Directions for this task: A verbatim copy of the lines from the one with "line L3 (-115, 10) -> (-115, 0)" through the final line below is required; print it and nothing else.

(Items from a dataset)

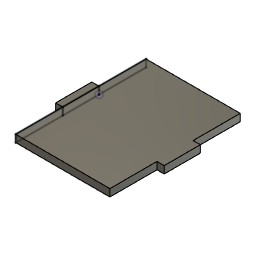
Пластина под конвейер v3 (Autodesk Fusion 360 design; units mm, degrees)
Autodesk Fusion 360 part; units mm, degrees
sketch "Sketch1" plane through (0, 0, 0) normal (1, 0, 0) x (0, 0, -1)
  line L0 (0, 0) -> (-50, 0)
  line L1 (-50, 0) -> (-50, 10)
  line L2 (-50, 10) -> (0, 10)
  line L3 (0, 10) -> (0, 0)
  line L4 (0, 0) -> (65, 0)
  line L5 (65, 0) -> (65, 10)
  line L6 (65, 10) -> (0, 10)
  line L7 (0, 10) -> (0, 0)
  line L8 (-50, 0) -> (-115, 0)
  line L9 (-115, 0) -> (-115, 10)
  line L10 (-115, 10) -> (-50, 10)
  line L11 (-50, 10) -> (-50, 0)
  dimension "d1" = 50
  dimension "d2" = 10
  dimension "d3" = 65
  dimension "d4" = 65
  dimension "d5" = 10
  dimension "d6" = 10
  constraint horizontal L0
  constraint vertical L1
  constraint horizontal L2
  constraint vertical L3
  constraint coincident L0.start L3.end
  constraint horizontal L4
  constraint vertical L5
  constraint horizontal L6
  constraint vertical L7
  constraint horizontal L8
  constraint vertical L9
  constraint horizontal L10
  constraint vertical L11
  measures "d1" distance of L0.start L0.end
  measures "d2" distance of L0.start L2.end
  measures "d3" distance of L0.start L4.end
  measures "d4" distance of L0.end L8.end
  measures "d5" distance of L8 L10
  measures "d6" distance of L4 L6
extrude "Extrude1" add sketch "Sketch1" along normal blind 130
extrude "Extrude2" add sketch "Sketch1" against normal blind 10 contours L0 L1 L2 L3 L7 L11
sketch "Sketch2" plane through (130, 0, 0) normal (1, 0, 0) x (0, 0, -1)
  line L0 (-115, 0) -> (65, 0)
  line L1 (65, 0) -> (65, 10)
  line L2 (65, 10) -> (-115, 10)
  line L3 (-115, 10) -> (-115, 0)
  line L4 (-50, 0) -> (0, 0)
  line L5 (0, 0) -> (0, 10)
  line L6 (0, 10) -> (-50, 10)
  line L7 (-50, 10) -> (-50, 0)
  constraint horizontal L4
  constraint vertical L5
  constraint horizontal L6
  constraint vertical L7
  constraint coincident L2 L5.end
  constraint coincident L0 L4.start
extrude "Extrude3" add sketch "Sketch2" along normal blind 10 contours L0 L2 L4 L5 L6 L7

Answer for this exercise:
  line L3 (-115, 10) -> (-115, 0)
  line L4 (-50, 0) -> (0, 0)
  line L5 (0, 0) -> (0, 10)
  line L6 (0, 10) -> (-50, 10)
  line L7 (-50, 10) -> (-50, 0)
  constraint horizontal L4
  constraint vertical L5
  constraint horizontal L6
  constraint vertical L7
  constraint coincident L2 L5.end
  constraint coincident L0 L4.start
extrude "Extrude3" add sketch "Sketch2" along normal blind 10 contours L0 L2 L4 L5 L6 L7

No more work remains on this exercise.